Nadie sale beneficiado de este dislate. Ni los profesionales afectados, ni sus pacientes, ni la Seguridad Social que pierde cotizaciones, ni Hacienda, ni el sistema sanitario en general. Pero a ver quién baja de la burra a los gobernantes.

Ocurre algo parecido con los escritores y artistas en general, entre otros muchos oficios. Algunos de ellos han recibido ya la visita de los inspectores que les exigen la restitución de decenas de miles de euros, los dejan sin pensión y les fijan un período adicional de seis meses para recuperarla. El motivo, un tanto extravagante, es que se empeñan en trabajar sin renunciar a la pensión para la que cotizaron durante largas décadas, pensando -ingenuamente- que era suya y no del Estado.

Contra lo que pudiera parecer, estas cosas no ocurren en países como Alemania, el Reino Unido, Francia, Austria y otros doce destacados miembros de la Unión Europea, donde el Estado no se mete en lo que haga o no el pensionista después de jubilarse.

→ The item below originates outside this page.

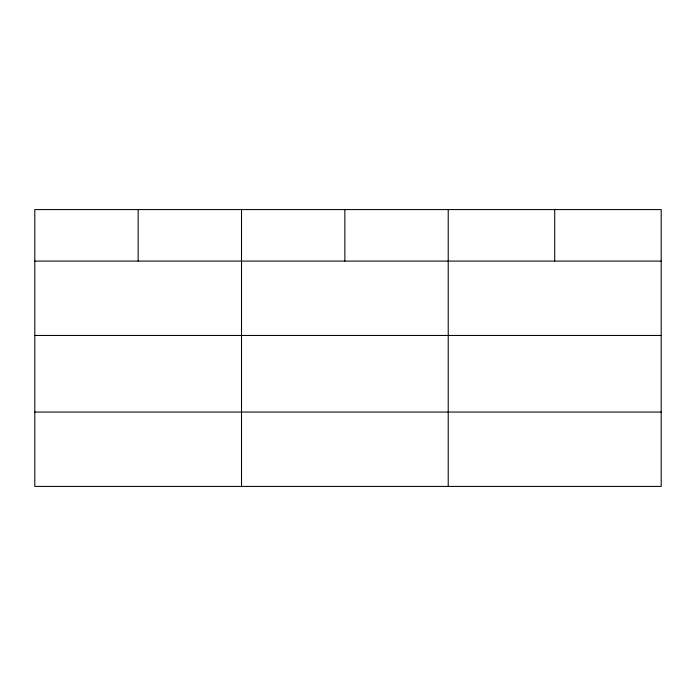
<?xml version="1.0" encoding="UTF-8"?>
<svg xmlns="http://www.w3.org/2000/svg" width="696" height="696" viewBox="0 0 696 696"><rect width="100%" height="100%" fill="white"/><g stroke="black" fill="none" stroke-linecap="round" stroke-linejoin="round"><path stroke-width="1.04" d="M661.2 335.455L661.2 209.583L34.8 209.583L34.8 486.417L661.2 486.417L661.2 335.455L34.8 335.455M34.8 261.096L661.2 261.096M34.8 412.058L661.2 412.058M554.712 209.583L554.712 261.096M448.224 209.583L448.224 486.417M344.868 209.583L344.868 261.096M241.512 209.583L241.512 486.417M138.156 209.583L138.156 261.096"/></g></svg>

Si quiere trabajar y encuentra modo de hacerlo, allá se las tenga él con sus propias decisiones. Sobra decir que la España heredera del intervencionismo de Franco es diferente en este como en tantos otros aspectos.

Aquí hay que tener gran cuidado con las ideas que a menudo alumbran los asesores que inspiran al Gobierno sus programas de ingeniería social. Años atrás, por ejemplo, alguien tuvo la brillante ocurrencia de prejubilar en masa a todos los trabajadores que se pusieran a tiro a partir de los cincuenta y tantos años.

El propósito del lumbrera -o lumbreras- que parió tal simpleza consistía en que los mayores de cincuenta y pico en adelante dejasen su hueco a los jóvenes en busca de un primer empleo. Las consecuencias fueron desoladoras.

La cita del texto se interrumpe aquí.